Aim of the task:
After locating the line that contains "Demux/1 -> Real Robot ROS/1(In1)" in the records below, write out exactly that line and each line after it through the one that contains "Reference Trajectory Manager/1(q_target)", and nothing else.

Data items
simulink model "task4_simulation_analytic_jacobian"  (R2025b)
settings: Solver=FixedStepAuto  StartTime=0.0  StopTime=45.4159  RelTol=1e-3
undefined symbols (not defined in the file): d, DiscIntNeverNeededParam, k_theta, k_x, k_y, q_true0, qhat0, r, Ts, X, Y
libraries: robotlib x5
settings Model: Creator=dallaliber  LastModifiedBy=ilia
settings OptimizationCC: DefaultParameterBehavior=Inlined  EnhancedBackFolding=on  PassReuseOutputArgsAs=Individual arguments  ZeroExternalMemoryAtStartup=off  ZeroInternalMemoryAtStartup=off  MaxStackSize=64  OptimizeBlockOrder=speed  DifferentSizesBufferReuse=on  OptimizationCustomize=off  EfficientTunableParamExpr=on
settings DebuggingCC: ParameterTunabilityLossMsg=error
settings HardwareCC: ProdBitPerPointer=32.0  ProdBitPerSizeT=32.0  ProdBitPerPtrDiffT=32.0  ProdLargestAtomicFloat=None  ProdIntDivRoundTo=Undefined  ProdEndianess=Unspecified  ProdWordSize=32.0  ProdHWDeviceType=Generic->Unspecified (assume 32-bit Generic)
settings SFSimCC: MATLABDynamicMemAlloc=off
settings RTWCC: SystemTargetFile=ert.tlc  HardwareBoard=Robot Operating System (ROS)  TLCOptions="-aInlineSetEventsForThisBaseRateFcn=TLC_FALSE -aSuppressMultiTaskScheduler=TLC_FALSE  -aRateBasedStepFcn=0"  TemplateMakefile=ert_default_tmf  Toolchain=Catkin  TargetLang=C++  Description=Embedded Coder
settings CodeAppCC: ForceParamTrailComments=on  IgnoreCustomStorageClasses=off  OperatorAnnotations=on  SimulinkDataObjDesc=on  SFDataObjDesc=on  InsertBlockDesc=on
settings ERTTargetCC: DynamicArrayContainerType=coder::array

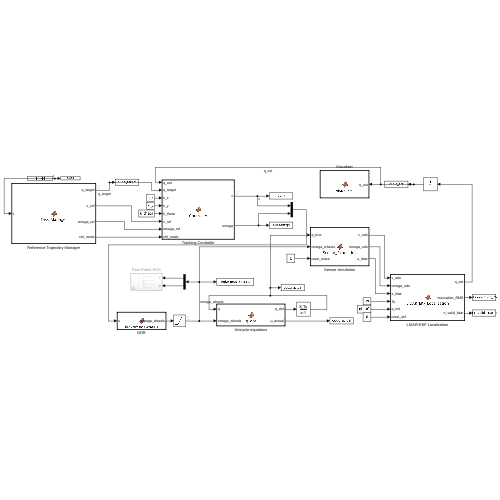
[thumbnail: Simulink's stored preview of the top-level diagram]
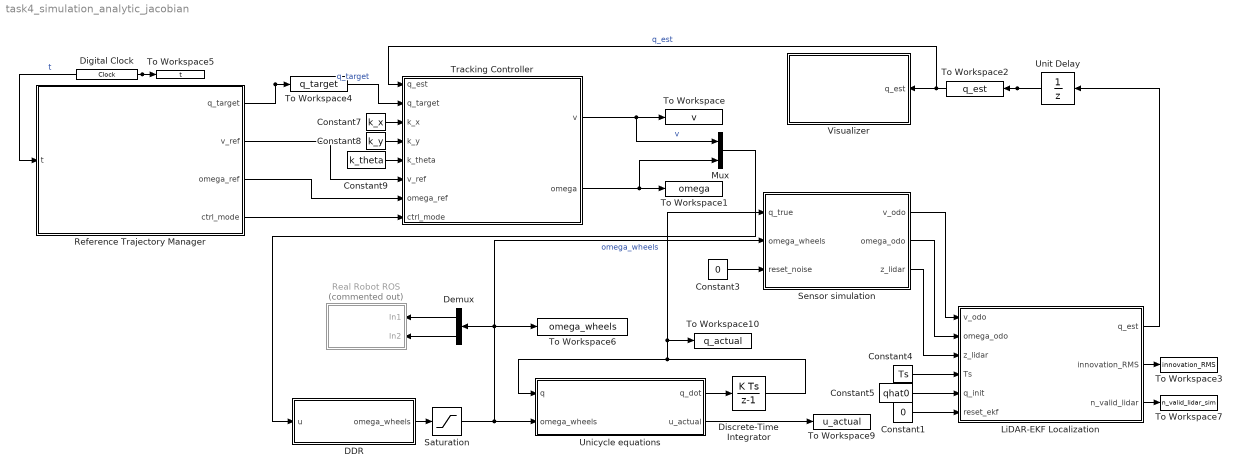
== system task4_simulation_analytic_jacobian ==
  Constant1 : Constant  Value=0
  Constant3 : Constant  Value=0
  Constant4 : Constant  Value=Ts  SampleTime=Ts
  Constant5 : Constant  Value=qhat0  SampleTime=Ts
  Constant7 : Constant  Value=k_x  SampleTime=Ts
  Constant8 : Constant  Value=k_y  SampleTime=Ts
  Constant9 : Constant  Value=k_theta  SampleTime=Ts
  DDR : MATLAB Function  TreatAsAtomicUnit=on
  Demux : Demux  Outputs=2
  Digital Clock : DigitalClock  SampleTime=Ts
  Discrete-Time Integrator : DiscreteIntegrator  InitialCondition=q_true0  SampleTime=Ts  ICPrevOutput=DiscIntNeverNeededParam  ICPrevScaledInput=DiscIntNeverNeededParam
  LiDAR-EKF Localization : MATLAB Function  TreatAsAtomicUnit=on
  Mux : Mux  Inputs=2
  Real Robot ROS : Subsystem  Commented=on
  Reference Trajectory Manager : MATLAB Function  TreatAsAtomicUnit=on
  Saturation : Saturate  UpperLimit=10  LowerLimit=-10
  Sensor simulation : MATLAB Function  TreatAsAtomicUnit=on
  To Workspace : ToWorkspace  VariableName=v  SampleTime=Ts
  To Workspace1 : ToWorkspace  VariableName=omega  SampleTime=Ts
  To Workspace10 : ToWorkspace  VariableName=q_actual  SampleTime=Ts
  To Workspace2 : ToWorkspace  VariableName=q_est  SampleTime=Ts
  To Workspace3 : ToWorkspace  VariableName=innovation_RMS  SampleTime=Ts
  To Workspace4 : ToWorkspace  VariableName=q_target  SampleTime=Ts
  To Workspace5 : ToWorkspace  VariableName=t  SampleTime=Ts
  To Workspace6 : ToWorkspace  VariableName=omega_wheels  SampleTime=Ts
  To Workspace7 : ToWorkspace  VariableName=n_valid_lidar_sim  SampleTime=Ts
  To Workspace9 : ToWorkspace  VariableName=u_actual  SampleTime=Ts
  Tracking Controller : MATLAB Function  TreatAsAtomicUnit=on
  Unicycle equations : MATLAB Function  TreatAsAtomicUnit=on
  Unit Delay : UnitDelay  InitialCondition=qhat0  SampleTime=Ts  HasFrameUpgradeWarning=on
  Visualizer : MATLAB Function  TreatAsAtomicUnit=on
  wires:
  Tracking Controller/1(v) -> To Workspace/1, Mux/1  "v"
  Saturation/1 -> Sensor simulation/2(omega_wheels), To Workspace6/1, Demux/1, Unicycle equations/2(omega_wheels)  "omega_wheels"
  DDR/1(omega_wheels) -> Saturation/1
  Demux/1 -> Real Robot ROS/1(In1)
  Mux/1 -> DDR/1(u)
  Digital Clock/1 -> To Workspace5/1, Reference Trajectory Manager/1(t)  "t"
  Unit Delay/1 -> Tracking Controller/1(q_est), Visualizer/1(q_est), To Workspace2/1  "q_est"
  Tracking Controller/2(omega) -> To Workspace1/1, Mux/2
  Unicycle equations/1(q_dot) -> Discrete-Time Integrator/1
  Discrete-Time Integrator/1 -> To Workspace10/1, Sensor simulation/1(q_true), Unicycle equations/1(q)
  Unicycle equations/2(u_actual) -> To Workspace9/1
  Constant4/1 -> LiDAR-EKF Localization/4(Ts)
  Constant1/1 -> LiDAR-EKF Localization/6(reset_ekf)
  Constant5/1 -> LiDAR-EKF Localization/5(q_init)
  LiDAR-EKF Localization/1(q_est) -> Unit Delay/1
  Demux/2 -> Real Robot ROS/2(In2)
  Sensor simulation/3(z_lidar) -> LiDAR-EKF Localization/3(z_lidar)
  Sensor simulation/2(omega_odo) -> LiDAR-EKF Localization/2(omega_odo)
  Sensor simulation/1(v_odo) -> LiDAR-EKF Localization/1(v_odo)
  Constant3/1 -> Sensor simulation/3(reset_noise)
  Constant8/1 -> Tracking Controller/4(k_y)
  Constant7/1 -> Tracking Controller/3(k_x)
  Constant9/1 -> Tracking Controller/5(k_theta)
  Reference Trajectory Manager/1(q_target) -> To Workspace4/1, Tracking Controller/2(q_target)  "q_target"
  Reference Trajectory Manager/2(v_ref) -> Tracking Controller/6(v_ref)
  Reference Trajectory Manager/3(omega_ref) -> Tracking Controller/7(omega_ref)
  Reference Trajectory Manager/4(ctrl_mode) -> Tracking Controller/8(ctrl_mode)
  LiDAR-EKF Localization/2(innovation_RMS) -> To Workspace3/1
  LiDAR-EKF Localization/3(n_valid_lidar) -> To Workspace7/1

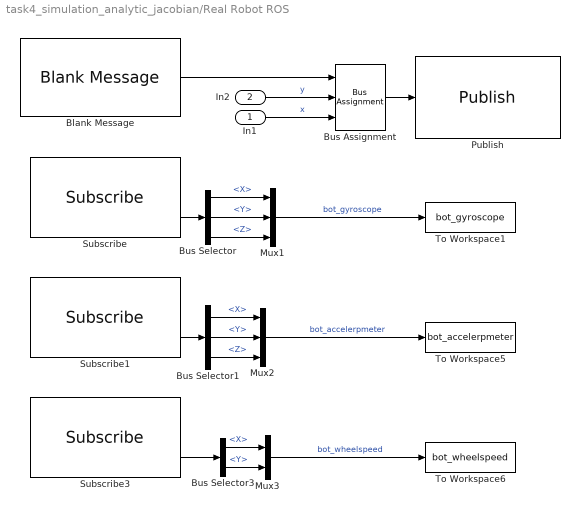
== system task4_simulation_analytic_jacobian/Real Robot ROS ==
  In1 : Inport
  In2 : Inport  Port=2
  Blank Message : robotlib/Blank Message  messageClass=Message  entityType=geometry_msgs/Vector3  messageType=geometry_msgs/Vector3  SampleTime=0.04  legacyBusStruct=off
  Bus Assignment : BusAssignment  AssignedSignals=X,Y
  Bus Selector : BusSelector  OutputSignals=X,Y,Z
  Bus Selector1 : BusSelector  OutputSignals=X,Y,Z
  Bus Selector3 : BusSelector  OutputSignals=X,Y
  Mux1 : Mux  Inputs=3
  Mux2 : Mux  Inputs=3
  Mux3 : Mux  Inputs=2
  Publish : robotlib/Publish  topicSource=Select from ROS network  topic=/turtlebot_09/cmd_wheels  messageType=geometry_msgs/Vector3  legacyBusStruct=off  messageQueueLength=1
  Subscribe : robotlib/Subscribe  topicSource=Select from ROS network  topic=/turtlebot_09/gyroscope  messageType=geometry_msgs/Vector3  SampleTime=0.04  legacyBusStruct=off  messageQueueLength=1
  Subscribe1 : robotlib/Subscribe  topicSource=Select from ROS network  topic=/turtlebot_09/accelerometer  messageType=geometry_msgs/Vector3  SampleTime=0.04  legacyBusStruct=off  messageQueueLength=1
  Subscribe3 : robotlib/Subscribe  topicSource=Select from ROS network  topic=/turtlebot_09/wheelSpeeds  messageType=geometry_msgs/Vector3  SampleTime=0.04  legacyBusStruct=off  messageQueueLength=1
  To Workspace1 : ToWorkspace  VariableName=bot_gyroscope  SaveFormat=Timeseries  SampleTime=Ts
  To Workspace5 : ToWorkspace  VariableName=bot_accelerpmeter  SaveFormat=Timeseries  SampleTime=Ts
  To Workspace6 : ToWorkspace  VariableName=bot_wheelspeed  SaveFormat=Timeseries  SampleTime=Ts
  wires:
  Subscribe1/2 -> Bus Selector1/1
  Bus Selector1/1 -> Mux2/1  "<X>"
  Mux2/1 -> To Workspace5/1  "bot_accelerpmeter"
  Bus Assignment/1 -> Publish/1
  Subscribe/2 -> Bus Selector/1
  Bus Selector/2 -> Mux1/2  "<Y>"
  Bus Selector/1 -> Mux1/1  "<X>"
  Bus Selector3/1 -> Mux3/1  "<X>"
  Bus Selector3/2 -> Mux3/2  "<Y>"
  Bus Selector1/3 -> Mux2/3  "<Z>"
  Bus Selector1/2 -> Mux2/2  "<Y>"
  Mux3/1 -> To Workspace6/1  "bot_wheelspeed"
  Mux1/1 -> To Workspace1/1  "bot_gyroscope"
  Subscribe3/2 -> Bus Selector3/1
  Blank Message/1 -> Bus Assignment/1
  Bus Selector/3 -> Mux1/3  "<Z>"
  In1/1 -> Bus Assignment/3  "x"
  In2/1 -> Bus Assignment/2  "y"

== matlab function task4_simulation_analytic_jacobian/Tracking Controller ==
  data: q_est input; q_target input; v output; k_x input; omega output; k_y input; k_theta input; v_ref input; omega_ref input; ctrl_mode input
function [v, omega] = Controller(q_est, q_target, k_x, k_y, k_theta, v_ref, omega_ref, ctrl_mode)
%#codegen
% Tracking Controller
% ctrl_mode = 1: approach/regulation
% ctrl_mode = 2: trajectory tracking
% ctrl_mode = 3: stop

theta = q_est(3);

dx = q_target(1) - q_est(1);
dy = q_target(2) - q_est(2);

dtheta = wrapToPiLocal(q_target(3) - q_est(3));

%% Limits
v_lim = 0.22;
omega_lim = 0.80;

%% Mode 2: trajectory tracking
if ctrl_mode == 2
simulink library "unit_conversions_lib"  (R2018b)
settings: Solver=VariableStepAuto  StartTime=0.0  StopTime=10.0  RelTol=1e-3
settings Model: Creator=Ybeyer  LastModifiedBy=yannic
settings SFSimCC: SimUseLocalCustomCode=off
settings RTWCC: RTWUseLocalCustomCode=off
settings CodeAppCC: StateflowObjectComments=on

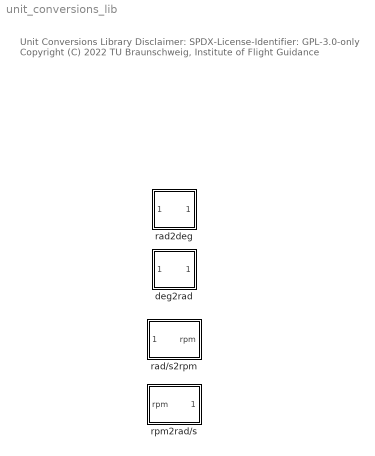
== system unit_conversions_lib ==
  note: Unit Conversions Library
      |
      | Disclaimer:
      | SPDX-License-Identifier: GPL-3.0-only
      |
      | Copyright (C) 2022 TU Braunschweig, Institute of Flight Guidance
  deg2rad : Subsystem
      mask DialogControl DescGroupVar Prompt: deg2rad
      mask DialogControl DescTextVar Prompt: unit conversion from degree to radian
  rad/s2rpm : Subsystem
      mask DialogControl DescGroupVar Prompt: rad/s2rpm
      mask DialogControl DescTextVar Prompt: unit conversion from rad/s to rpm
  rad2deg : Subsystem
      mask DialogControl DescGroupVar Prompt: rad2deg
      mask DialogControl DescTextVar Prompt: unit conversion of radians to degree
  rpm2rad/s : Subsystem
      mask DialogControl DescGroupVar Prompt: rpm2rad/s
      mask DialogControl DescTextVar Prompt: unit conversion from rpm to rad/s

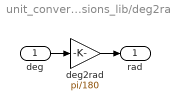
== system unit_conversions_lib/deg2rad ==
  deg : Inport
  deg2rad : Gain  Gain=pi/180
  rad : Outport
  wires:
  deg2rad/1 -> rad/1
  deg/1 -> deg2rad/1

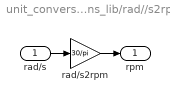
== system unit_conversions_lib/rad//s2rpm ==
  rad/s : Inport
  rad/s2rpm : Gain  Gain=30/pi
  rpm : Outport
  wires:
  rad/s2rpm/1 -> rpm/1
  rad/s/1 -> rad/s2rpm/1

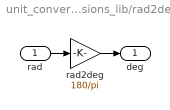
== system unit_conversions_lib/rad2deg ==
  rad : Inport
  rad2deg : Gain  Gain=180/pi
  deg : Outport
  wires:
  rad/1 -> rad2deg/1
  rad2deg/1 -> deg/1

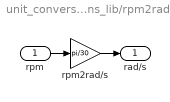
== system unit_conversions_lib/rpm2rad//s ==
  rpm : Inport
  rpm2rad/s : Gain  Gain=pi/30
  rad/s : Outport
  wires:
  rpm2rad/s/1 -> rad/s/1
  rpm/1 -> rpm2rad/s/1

Task answer:
  Demux/1 -> Real Robot ROS/1(In1)
  Mux/1 -> DDR/1(u)
  Digital Clock/1 -> To Workspace5/1, Reference Trajectory Manager/1(t)  "t"
  Unit Delay/1 -> Tracking Controller/1(q_est), Visualizer/1(q_est), To Workspace2/1  "q_est"
  Tracking Controller/2(omega) -> To Workspace1/1, Mux/2
  Unicycle equations/1(q_dot) -> Discrete-Time Integrator/1
  Discrete-Time Integrator/1 -> To Workspace10/1, Sensor simulation/1(q_true), Unicycle equations/1(q)
  Unicycle equations/2(u_actual) -> To Workspace9/1
  Constant4/1 -> LiDAR-EKF Localization/4(Ts)
  Constant1/1 -> LiDAR-EKF Localization/6(reset_ekf)
  Constant5/1 -> LiDAR-EKF Localization/5(q_init)
  LiDAR-EKF Localization/1(q_est) -> Unit Delay/1
  Demux/2 -> Real Robot ROS/2(In2)
  Sensor simulation/3(z_lidar) -> LiDAR-EKF Localization/3(z_lidar)
  Sensor simulation/2(omega_odo) -> LiDAR-EKF Localization/2(omega_odo)
  Sensor simulation/1(v_odo) -> LiDAR-EKF Localization/1(v_odo)
  Constant3/1 -> Sensor simulation/3(reset_noise)
  Constant8/1 -> Tracking Controller/4(k_y)
  Constant7/1 -> Tracking Controller/3(k_x)
  Constant9/1 -> Tracking Controller/5(k_theta)
  Reference Trajectory Manager/1(q_target) -> To Workspace4/1, Tracking Controller/2(q_target)  "q_target"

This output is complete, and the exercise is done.